Bogor || Radarpost.id
Di balik lebatnya hutan Gunung Salak, ada gemericik air yang memanggil lembut dari kejauhan. Suaranya berpadu dengan desau angin dan kicau burung, seolah mengundang siapa pun yang penat akan bisingnya kota. Itulah Curug Walet, air terjun tersembunyi yang kerap disebut-sebut sebagai surga kecil di Bogor.
Perjalanan menuju Curug Walet bukan sekadar wisata alam, melainkan pengalaman untuk menenangkan diri. Terletak di Desa Ciasihan, Kecamatan Pamijahan, Kabupaten Bogor, air terjun ini berdiri anggun di kawasan Taman Nasional Gunung Halimun Salak, sekitar 38 kilometer dari pusat kota Bogor.
Untuk mencapainya, pengunjung harus menempuh perjalanan sekitar 1,5 jam. Dari parkiran, perjalanan masih berlanjut dengan trekking selama 30 menit melewati jalan bebatuan dan pepohonan rindang yang sejuk. Jalur ini memang menantang, tapi justru di sanalah letak pesonanya—setiap langkah seperti membawa kita semakin dekat pada ketenangan yang hilang di tengah hiruk pikuk keseharian.
Begitu sampai di lokasi, gemuruh air yang jatuh dari ketinggian menyambut dengan lembut. Air Curug Walet begitu jernih, berwarna kehijauan, dan terasa dingin menyegarkan karena bersumber langsung dari mata air Gunung Salak. Tiga tingkatan air terjun yang mengalir bertumpuk menciptakan panorama memukau, membuat siapa pun enggan beranjak terlalu cepat.
Tak hanya air terjunnya, pemandangan di sekitar Curug Walet pun menenangkan jiwa. Hamparan sawah yang hijau, udara yang bersih, dan pepohonan tropis yang meneduhi jalur trekking menjadikan perjalanan ini seperti meditasi alam. Di salah satu titik, pengunjung akan melewati tangga ikonik dari batu yang menurun tajam ke arah sungai—spot yang kerap menjadi favorit untuk berfoto.

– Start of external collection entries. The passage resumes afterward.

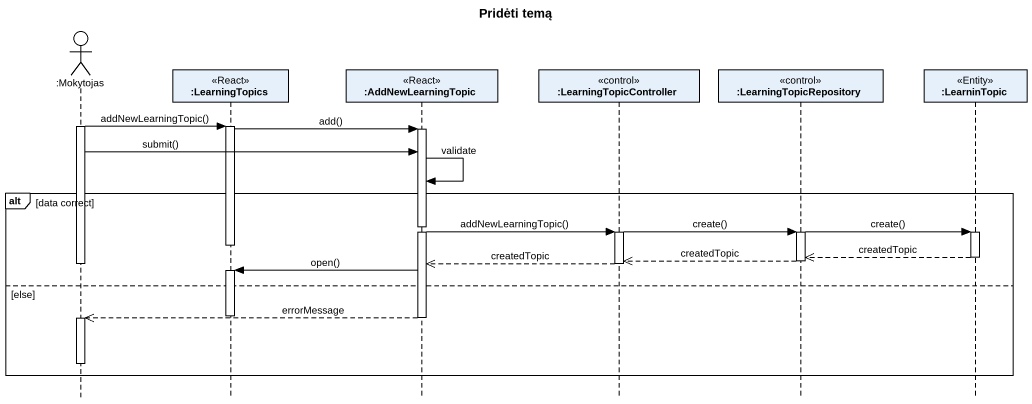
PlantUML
@startuml
title Pridėti temą
hide footbox
actor ":Mokytojas" as Mokytojas
participant ":LearningTopics" as LearningTopics <<React>>
participant ":AddNewLearningTopic" as AddNewLearningTopic <<React>>
participant ":LearningTopicController" as LearningTopicController <<control>>
participant ":LearningTopicRepository" as LearningTopicRepository <<control>>
participant ":LearninTopic" as LearninTopic <<Entity>>

activate Mokytojas
Mokytojas -> LearningTopics : addNewLearningTopic()
activate LearningTopics
LearningTopics -> AddNewLearningTopic : add()
activate AddNewLearningTopic
Mokytojas -> AddNewLearningTopic : submit()
AddNewLearningTopic -> AddNewLearningTopic : validate
alt data correct
  AddNewLearningTopic -> LearningTopicController : addNewLearningTopic()
  LearningTopicController -> LearningTopicRepository : create()
  LearningTopicRepository -> LearninTopic : create()
  activate LearninTopic
  activate LearningTopicController
  activate LearningTopicRepository
  deactivate LearningTopics
  LearninTopic -->> LearningTopicRepository : createdTopic
  deactivate LearninTopic
  LearningTopicRepository -->> LearningTopicController : createdTopic
  deactivate LearningTopicRepository
  LearningTopicController -->> AddNewLearningTopic : createdTopic
  deactivate Mokytojas
  deactivate LearningTopicController
  AddNewLearningTopic -> LearningTopics : open()
  activate LearningTopics
else else
  deactivate LearningTopics
  AddNewLearningTopic -->> Mokytojas : errorMessage
  deactivate AddNewLearningTopic
  activate Mokytojas
  deactivate Mokytojas
end
@enduml

Meski masih minim fasilitas, Curug Walet justru menawarkan sesuatu yang langka di destinasi wisata masa kini: keaslian. Tidak ada deretan warung atau musik bising; yang ada hanyalah suara alam dan ketenangan. Karena itu, pengunjung disarankan membawa bekal makanan, air minum, dan perlengkapan pribadi sebelum berangkat.
Harga tiket masuknya pun sangat terjangkau. Hanya dengan Rp20.000, wisatawan sudah bisa menikmati Curug Walet sekaligus Curug Payung dan Leuwi Hejo yang berdekatan. Tambahan biaya Rp10.000 dikenakan saat masuk kawasan Desa Ciasihan, serta tarif parkir sebesar Rp5.000 untuk motor dan Rp10.000 untuk mobil.
Curug Walet buka setiap hari pukul 08.00–16.00 WIB. Waktu terbaik untuk datang adalah pagi hari antara pukul 08.00–11.00 WIB, ketika udara masih segar dan sinar matahari belum terlalu terik.
Bagi pencinta alam dan petualangan, Curug Walet bukan sekadar tempat wisata—ia adalah perjalanan pulang ke alam. Di sini, waktu berjalan lebih lambat, udara terasa lebih jernih, dan setiap tetes air yang jatuh dari ketinggian seolah menghapus lelah dan gundah.
Karena pada akhirnya, healing terbaik memang bukan di pusat perbelanjaan, melainkan di pelukan alam yang masih murni—seperti Curug Walet di kaki Gunung Salak.